Exercise instructions: If a line below includes the string "Subsystem", copy it.

Dataset excerpts:
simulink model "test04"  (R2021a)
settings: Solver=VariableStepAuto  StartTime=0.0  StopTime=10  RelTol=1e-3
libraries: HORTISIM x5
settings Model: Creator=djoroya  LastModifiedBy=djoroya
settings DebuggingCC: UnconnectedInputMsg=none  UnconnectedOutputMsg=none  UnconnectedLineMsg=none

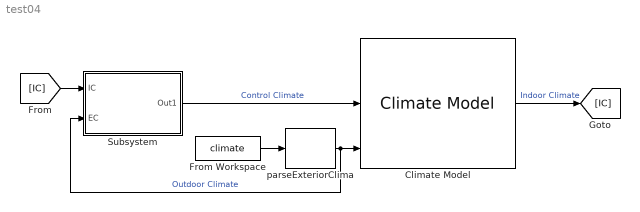
== system test04 ==
  Climate Model : HORTISIM/Climate/Models/Climate Model  hour0=0  G0=[0.05 0.0007]  T0=[273 273 273 273]+15  H=7  A_f=3200  A_c=3200  minWindows=0.1  lam_s=[2.5000 0.8500]  c_s=[1081 1081]  l_s=[0.1000 0.1000]  rhod_s=[2600 2500]  int_air_speed=0.5  alpha_i=0.1  alpha_c=0.05  tau_c=0.9  alpha_f=0.1  d_c=1.5  cd_c=8736  T_ss=285.15
      settings: SourceProductName=Horti Simulator
  From Workspace : FromWorkspace  VariableName=climate
  Subsystem : Subsystem
  parseExteriorClima : HORTISIM/Other  Functions/parseExteriorClima  SystemSampleTime=-1  VariantActivationTime=update diagram  Latency=0  AutoFrameSizeCalculation=off
      settings: SourceProductName=Horti Simulator
  wires:
  From Workspace/1 -> parseExteriorClima/1
  parseExteriorClima/1 -> Subsystem/2(EC), Climate Model/3  "Outdoor Climate"
  Climate Model/1 -> [IC]  "Indoor Climate"
  Subsystem/1(Out1) -> Climate Model/2  "Control Climate"
  [IC] -> Subsystem/1(IC)

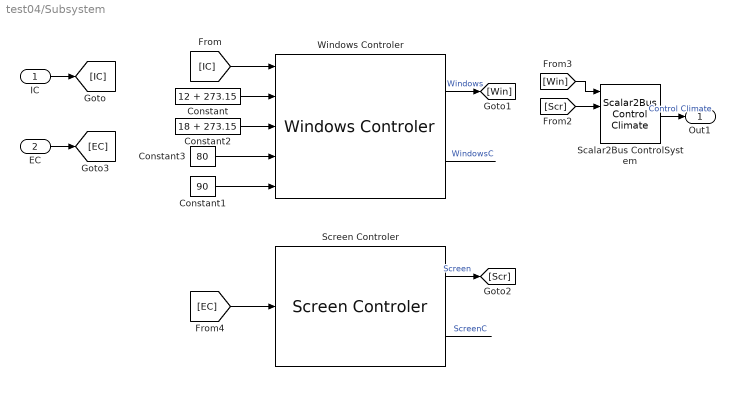
== system test04/Subsystem ==
  IC : Inport
  EC : Inport  Port=2
  Constant : Constant  Value=12 + 273.15
  Constant1 : Constant  Value=90
  Constant2 : Constant  Value=18 + 273.15
  Constant3 : Constant  Value=80
  Scalar2Bus ControlSystem : HORTISIM/Other  Functions/Scalar2Bus  Control Climate  SystemSampleTime=-1  VariantActivationTime=update diagram  Latency=0  AutoFrameSizeCalculation=off
      settings: SourceProductName=Horti Simulator
  Screen Controler : HORTISIM/Climate/Controls/Screen Controler  Radthreshold=200  velocity=0.33333  Power=0  gamma_max=0.3  beta=0.1
      settings: SourceProductName=Horti Simulator
  Windows Controler : HORTISIM/Climate/Controls/Windows Controler  Power=100  max_night=10  tau=600  RadThreshold=10  AR=10
      settings: SourceProductName=Horti Simulator
  Out1 : Outport
  wires:
  Constant2/1 -> Windows Controler/3
  Constant3/1 -> Windows Controler/4
  Windows Controler/2 -> ?  "WindowsC"
  Constant1/1 -> Windows Controler/5
  Constant/1 -> Windows Controler/2
  IC/1 -> [IC]
  [IC] -> Windows Controler/1
  Windows Controler/1 -> [Win]  "Windows"
  Screen Controler/1 -> [Scr]  "Screen"
  [Scr] -> Scalar2Bus ControlSystem/2
  [Win] -> Scalar2Bus ControlSystem/1
  Scalar2Bus ControlSystem/1 -> Out1/1  "Control Climate"
  EC/1 -> [EC]
  [EC] -> Screen Controler/1
  Screen Controler/2 -> ?  "ScreenC"

Output of the task:
  Subsystem : Subsystem
  parseExteriorClima/1 -> Subsystem/2(EC), Climate Model/3  "Outdoor Climate"
  Subsystem/1(Out1) -> Climate Model/2  "Control Climate"
  [IC] -> Subsystem/1(IC)
== system test04/Subsystem ==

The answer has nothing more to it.